_Data section_

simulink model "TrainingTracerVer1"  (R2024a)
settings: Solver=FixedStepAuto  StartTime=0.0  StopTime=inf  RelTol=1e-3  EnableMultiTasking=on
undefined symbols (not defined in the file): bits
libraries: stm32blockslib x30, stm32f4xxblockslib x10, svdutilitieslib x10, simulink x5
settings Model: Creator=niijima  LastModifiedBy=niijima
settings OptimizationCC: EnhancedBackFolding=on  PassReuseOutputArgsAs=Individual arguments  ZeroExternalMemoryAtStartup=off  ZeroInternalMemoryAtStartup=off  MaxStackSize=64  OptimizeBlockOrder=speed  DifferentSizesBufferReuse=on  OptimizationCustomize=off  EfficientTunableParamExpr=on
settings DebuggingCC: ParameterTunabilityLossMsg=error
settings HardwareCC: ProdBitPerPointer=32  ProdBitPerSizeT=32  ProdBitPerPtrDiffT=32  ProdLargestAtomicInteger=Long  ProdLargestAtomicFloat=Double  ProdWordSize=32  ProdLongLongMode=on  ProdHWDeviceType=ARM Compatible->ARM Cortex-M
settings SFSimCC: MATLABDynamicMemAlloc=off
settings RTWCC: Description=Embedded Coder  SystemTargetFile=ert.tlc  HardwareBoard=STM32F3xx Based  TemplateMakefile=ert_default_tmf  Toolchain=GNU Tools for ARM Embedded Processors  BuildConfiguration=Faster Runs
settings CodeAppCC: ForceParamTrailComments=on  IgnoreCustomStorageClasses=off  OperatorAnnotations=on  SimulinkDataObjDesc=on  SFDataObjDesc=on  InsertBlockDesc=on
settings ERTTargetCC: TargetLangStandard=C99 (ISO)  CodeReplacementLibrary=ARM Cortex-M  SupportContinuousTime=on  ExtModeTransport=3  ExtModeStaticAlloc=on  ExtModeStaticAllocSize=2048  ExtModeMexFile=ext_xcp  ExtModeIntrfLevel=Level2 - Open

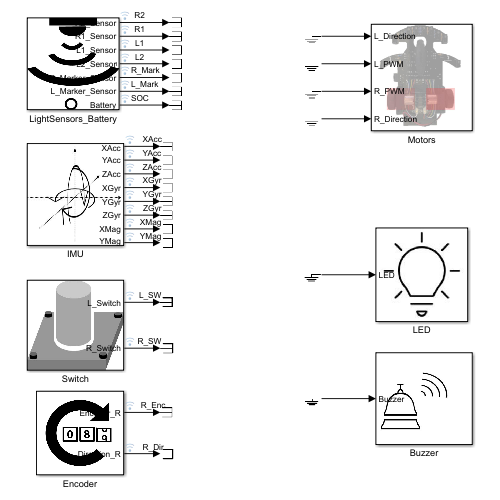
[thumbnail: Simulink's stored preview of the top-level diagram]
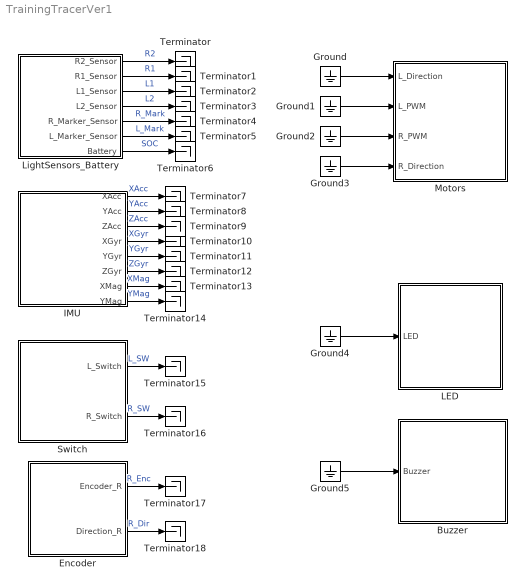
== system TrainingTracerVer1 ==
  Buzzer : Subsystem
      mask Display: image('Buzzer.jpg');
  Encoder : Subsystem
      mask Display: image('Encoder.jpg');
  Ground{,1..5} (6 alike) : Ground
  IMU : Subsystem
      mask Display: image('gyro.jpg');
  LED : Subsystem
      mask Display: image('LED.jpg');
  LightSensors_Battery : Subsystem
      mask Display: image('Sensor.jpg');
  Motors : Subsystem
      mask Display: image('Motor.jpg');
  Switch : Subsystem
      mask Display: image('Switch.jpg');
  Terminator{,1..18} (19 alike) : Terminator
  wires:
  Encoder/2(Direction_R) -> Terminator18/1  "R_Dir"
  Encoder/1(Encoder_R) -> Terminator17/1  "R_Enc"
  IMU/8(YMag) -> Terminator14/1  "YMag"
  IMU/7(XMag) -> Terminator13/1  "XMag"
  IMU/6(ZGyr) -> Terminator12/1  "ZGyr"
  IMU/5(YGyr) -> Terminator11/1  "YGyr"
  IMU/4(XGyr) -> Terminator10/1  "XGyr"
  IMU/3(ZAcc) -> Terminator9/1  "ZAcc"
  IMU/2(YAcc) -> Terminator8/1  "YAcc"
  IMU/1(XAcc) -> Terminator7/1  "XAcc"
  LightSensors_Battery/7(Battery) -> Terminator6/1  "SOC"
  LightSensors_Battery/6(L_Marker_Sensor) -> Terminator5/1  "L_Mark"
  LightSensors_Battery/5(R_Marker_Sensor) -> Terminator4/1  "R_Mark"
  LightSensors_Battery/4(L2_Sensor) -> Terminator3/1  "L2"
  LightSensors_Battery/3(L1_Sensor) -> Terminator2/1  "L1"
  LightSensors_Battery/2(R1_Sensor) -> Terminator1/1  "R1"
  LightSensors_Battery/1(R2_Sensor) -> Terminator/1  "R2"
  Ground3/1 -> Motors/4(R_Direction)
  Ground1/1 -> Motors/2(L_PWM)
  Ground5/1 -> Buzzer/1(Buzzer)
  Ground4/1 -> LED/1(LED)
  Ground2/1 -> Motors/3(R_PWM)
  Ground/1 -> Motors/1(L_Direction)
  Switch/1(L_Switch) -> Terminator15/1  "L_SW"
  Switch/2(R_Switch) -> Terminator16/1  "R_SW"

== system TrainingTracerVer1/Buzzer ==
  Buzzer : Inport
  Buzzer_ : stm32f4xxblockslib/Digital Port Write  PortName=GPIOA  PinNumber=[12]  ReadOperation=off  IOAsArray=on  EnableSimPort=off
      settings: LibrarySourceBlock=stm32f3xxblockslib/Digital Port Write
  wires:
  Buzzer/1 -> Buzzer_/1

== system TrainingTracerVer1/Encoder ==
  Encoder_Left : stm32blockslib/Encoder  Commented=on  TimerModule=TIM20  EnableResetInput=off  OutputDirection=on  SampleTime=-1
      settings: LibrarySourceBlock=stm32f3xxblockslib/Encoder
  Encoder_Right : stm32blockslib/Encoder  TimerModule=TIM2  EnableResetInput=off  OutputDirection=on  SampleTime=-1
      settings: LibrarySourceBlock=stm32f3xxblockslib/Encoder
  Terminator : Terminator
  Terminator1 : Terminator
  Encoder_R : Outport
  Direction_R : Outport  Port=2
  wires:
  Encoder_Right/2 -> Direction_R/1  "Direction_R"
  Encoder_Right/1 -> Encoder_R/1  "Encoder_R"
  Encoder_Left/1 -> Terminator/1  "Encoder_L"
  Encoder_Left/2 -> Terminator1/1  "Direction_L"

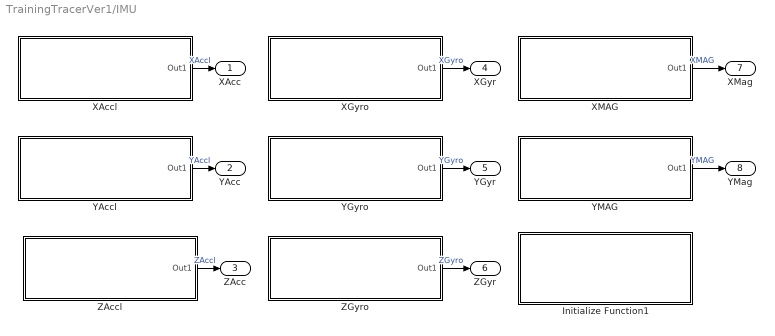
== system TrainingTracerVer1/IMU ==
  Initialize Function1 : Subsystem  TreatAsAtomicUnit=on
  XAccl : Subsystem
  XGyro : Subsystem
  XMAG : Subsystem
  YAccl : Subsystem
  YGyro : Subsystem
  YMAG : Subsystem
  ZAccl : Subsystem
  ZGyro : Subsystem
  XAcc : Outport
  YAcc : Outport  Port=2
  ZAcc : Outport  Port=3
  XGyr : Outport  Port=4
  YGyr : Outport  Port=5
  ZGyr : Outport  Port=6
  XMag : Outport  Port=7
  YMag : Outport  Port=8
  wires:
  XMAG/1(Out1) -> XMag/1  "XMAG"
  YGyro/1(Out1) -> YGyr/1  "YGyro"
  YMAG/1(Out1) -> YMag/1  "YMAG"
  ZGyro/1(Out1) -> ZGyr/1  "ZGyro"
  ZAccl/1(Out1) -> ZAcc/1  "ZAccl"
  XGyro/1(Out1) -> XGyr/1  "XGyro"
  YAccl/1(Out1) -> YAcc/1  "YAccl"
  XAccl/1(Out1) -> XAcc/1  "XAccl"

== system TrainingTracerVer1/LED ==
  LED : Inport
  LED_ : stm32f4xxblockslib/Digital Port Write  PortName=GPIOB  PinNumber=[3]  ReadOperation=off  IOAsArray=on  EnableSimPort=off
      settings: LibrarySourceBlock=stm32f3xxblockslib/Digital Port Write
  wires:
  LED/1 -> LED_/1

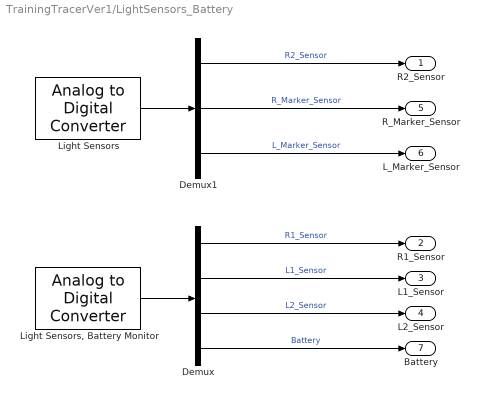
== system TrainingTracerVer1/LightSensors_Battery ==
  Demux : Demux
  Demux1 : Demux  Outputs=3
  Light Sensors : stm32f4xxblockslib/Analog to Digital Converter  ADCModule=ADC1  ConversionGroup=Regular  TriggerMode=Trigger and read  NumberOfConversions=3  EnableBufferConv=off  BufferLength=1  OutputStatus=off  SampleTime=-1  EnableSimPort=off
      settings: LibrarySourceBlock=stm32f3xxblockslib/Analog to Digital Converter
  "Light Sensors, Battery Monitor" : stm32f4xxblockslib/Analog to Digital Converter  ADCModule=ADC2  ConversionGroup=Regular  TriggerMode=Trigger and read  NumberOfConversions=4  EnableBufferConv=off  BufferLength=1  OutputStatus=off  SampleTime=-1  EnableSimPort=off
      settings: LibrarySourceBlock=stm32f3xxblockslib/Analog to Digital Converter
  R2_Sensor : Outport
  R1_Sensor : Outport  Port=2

_Exercise objective_
From the line that has "mask Display: image('gyro.jpg');" through the line that has "mask Display: image('Motor.jpg');", copy every line exactly as it appears above, and leave out all others.

_Task response_
      mask Display: image('gyro.jpg');
  LED : Subsystem
      mask Display: image('LED.jpg');
  LightSensors_Battery : Subsystem
      mask Display: image('Sensor.jpg');
  Motors : Subsystem
      mask Display: image('Motor.jpg');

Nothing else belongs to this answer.